Trading Down With Treehouse

The “trade-down thesis” has been a mainstay on Mad Money lately. The premise is simple: People pinch pennies during a recession. So they’ll reach for private-label foods over brand names when shopping almost all of the time. That’s the main reason Cramer’s been so bullish on Treehouse Foods .

CEO Sam Reed told Mad Money on Wednesday that many private-label products are “enjoying accelerated growth,” and he said Treehouse was at the forefront of that trend. The company’s portfolio is full of the fastest-growing items, such as salad dressings, salsa and soups, and cooperation with customers like Kroger is increasing business. Treehouse is Kroger’s leading supplier, actually, and the relationship accounted for low double-digit growth in Kroger stores in 2008, Reed said.

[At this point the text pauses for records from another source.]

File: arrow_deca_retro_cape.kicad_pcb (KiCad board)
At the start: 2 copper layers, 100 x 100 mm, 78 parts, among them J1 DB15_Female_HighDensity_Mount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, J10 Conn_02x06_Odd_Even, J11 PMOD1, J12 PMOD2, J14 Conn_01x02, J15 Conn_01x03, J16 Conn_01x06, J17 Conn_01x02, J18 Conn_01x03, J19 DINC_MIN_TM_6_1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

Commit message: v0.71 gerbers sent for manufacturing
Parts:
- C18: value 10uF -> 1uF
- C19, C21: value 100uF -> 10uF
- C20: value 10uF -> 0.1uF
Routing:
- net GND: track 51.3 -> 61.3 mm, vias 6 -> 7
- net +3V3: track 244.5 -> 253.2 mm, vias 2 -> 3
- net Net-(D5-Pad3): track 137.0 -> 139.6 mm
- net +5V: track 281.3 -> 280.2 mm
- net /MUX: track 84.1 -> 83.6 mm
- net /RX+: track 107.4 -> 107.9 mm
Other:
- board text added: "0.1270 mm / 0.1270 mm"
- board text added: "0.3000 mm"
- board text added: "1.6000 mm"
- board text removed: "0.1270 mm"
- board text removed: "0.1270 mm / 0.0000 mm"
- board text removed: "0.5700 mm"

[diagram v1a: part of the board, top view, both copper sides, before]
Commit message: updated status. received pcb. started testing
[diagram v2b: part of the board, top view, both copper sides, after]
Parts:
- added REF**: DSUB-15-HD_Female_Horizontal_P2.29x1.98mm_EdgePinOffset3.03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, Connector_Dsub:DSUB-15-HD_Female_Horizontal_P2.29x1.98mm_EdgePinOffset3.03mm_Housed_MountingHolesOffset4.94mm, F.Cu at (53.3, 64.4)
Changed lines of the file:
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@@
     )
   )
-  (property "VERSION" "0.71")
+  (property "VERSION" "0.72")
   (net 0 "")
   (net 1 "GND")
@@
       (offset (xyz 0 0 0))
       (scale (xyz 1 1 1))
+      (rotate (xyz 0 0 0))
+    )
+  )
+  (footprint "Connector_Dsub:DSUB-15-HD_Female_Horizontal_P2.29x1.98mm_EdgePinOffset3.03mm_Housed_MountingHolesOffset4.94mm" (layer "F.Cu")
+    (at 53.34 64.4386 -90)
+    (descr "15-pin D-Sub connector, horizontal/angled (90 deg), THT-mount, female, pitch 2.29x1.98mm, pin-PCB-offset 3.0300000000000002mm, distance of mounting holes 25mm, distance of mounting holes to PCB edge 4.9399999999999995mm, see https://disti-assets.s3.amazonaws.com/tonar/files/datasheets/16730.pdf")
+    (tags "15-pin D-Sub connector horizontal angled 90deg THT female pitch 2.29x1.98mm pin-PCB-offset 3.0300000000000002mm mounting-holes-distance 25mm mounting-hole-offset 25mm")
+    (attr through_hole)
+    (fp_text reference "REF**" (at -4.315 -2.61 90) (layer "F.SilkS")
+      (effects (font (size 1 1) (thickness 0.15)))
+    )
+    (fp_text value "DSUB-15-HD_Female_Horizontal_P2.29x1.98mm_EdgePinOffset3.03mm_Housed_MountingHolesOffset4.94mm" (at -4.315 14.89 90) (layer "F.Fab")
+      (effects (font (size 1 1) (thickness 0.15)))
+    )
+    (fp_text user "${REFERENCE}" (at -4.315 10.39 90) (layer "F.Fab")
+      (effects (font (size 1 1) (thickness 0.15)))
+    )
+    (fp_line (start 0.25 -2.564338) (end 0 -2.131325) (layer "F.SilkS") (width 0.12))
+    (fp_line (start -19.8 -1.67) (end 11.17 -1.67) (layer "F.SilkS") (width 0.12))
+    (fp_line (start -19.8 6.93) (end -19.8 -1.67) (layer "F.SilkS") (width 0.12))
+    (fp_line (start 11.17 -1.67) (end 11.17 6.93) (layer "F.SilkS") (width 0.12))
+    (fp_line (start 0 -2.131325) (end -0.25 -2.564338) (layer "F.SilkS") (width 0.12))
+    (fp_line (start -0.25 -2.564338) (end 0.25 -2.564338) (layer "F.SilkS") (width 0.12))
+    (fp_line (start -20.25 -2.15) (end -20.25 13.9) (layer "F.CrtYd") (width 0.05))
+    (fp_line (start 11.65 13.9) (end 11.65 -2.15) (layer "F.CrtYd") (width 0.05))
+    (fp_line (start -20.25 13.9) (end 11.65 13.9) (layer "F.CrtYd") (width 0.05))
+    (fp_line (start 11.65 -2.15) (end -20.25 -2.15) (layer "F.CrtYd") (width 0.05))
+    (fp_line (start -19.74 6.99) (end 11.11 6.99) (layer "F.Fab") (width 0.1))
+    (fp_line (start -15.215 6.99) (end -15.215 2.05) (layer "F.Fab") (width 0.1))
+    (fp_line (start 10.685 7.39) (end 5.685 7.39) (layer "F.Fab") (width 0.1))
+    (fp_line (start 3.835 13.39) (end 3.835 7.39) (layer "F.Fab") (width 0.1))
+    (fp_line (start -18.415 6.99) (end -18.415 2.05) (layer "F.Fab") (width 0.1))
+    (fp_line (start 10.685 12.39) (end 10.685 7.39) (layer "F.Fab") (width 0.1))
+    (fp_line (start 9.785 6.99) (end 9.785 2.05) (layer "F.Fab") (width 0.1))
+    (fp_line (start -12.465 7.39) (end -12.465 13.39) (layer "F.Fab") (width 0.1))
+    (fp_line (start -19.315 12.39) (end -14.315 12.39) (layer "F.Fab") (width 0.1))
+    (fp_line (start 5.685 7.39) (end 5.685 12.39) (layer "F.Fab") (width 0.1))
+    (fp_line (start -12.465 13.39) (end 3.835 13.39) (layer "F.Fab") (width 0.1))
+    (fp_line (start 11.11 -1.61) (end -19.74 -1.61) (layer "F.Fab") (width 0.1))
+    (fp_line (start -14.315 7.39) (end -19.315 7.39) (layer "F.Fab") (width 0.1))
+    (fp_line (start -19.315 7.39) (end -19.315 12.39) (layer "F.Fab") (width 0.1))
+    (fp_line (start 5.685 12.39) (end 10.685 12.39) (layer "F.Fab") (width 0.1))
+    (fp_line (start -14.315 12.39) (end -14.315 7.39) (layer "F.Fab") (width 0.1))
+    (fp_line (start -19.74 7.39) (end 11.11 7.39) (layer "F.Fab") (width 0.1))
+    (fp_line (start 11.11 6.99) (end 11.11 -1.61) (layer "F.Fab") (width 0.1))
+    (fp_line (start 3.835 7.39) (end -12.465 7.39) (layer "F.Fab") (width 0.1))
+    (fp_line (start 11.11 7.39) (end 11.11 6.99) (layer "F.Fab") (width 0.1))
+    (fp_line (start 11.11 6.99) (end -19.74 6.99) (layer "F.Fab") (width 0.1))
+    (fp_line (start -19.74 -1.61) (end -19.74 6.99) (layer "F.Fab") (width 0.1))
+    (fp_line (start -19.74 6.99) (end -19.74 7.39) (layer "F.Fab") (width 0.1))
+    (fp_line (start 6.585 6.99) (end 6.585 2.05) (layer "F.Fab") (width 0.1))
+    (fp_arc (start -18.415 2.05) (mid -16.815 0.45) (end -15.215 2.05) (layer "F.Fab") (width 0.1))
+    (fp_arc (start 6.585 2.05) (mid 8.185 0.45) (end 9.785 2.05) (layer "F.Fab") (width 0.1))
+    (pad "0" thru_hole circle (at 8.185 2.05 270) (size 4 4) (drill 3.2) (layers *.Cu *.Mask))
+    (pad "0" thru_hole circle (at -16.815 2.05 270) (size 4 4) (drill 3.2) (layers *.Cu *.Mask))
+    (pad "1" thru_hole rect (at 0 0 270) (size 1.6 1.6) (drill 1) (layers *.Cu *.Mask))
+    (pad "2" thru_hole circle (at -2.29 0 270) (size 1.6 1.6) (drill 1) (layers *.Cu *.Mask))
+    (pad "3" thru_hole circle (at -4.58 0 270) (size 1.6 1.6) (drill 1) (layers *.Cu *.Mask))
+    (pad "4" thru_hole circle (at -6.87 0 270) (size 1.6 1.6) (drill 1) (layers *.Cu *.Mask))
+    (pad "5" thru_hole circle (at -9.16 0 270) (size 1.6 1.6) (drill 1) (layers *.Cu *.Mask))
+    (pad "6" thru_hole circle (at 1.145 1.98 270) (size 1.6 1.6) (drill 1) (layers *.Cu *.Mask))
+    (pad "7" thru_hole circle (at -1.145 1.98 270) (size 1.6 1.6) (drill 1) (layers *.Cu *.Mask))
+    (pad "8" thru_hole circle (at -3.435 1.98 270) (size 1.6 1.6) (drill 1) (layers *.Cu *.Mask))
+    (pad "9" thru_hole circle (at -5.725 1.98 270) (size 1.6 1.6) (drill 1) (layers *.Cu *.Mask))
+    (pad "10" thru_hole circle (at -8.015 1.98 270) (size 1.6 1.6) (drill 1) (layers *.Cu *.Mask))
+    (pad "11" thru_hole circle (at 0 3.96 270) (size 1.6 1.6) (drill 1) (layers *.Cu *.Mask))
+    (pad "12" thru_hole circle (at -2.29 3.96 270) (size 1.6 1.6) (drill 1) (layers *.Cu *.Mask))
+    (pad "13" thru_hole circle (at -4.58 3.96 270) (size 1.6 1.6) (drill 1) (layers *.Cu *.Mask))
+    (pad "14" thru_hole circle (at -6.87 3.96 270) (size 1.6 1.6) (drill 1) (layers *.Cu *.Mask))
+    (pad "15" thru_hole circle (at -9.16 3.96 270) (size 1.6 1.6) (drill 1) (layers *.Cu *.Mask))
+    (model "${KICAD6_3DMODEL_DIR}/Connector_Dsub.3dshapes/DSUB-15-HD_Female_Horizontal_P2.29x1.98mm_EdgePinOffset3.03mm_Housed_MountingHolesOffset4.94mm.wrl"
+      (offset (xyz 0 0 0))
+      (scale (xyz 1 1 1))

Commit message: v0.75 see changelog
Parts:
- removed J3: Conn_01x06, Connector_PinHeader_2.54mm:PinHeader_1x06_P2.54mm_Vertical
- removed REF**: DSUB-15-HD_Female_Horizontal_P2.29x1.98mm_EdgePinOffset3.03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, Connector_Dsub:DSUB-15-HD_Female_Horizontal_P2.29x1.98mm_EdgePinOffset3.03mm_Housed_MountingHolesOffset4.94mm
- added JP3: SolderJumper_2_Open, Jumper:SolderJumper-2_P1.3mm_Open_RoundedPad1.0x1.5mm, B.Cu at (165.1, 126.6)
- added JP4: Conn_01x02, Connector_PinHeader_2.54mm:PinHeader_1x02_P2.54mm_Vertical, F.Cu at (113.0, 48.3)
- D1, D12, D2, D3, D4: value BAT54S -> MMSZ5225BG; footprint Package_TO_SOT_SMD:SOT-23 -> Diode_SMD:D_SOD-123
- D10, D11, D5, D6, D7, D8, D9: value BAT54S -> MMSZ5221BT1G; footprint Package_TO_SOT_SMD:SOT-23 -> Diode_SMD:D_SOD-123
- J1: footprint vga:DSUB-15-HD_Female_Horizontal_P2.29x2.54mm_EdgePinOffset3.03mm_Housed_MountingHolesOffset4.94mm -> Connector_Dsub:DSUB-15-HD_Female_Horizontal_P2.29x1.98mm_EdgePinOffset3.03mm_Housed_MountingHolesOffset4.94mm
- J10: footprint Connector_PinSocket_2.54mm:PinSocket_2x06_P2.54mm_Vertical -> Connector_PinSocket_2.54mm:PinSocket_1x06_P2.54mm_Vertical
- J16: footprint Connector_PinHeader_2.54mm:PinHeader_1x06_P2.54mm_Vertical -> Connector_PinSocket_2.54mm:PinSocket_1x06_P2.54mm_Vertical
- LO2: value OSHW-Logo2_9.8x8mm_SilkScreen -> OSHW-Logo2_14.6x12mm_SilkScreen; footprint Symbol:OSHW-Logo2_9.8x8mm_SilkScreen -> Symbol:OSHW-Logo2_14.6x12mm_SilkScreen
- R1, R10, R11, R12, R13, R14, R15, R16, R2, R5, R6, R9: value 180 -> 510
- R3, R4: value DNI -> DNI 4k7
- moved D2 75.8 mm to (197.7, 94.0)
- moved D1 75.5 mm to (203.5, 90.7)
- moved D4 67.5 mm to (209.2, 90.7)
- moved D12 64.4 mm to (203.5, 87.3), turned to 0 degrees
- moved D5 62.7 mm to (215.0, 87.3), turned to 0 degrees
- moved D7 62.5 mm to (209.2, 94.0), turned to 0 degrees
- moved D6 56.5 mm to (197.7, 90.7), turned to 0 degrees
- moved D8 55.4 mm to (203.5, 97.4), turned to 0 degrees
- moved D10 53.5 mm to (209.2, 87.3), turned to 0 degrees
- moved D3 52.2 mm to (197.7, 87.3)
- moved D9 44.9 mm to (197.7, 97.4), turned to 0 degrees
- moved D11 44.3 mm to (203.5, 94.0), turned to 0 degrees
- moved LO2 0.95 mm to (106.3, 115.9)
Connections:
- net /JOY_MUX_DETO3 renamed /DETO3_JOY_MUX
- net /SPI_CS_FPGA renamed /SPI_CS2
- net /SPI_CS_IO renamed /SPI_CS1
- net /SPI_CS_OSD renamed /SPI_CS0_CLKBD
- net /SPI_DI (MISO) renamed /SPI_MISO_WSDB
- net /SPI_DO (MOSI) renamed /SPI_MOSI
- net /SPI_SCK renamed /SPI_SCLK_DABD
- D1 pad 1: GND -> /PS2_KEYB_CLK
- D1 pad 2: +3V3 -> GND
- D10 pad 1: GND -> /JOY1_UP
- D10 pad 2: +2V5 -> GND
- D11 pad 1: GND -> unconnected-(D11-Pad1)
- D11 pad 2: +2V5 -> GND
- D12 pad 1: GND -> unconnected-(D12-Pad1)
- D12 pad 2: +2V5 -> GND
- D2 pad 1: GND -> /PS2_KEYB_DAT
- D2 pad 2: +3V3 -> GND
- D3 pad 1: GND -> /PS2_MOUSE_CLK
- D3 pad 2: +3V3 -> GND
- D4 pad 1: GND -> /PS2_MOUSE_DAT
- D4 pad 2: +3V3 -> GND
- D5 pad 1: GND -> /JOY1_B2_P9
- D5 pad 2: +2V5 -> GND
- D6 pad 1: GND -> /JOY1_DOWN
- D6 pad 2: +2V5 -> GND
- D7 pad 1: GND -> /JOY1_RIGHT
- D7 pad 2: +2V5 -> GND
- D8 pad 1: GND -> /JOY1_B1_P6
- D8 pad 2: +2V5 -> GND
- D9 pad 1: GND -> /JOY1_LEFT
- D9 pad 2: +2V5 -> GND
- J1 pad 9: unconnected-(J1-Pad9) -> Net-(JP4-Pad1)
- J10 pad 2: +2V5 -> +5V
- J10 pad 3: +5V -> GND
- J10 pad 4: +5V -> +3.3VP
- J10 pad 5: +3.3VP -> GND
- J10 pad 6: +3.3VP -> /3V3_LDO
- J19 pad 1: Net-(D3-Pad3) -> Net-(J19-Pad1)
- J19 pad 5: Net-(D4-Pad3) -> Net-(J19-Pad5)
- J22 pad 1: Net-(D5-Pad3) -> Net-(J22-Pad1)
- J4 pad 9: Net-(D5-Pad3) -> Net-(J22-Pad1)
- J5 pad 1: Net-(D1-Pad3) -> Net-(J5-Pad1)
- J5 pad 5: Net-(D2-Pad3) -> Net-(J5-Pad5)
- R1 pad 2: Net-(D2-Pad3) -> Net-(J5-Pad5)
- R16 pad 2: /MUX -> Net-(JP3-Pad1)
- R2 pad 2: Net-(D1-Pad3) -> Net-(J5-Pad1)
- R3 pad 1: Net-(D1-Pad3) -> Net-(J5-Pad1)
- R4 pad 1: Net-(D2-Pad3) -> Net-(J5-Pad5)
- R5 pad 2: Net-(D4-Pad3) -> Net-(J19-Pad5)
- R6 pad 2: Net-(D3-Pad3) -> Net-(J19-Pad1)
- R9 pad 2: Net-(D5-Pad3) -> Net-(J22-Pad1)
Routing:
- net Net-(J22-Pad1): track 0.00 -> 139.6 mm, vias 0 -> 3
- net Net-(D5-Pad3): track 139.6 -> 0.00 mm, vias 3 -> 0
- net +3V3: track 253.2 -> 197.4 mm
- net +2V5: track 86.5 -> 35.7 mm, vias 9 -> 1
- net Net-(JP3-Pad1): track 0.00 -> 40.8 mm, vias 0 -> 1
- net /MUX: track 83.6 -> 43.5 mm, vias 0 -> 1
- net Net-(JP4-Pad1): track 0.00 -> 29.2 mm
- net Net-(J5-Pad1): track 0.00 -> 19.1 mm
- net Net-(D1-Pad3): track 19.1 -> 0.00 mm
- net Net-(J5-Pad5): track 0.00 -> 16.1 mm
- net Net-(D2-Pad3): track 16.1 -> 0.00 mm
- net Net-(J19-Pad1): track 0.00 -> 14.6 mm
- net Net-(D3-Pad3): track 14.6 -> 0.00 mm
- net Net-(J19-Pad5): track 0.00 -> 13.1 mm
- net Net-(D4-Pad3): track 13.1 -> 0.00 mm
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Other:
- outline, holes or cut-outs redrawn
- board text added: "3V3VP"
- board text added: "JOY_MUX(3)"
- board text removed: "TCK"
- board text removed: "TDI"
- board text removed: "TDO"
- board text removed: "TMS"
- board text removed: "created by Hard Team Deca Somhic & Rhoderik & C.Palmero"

The decline in raw costs has also been a positive trend. Reed said those costs were down “substantially” this year, and the aggregate expenses of commodities, energy and packaging should be “relatively flat” in 2009. Reed expects to “enjoy the benefits of those lower costs, primarily in the second half of the year.”

Treehouse is big in the M&A markets as well, and Reed said his firm was “quite ready to expand again in a large-scale way.” The balance sheet is strong as the company paid down $145 million in debt in 2008, so Reed is open to another acquisition as long as market conditions are right.

“Something tells me,” Cramer said, that there’s “opportunity” in THS. But “be careful. If people think a big cyclical recovery’s coming, they won’t buy it.”

“I think they should,” he said.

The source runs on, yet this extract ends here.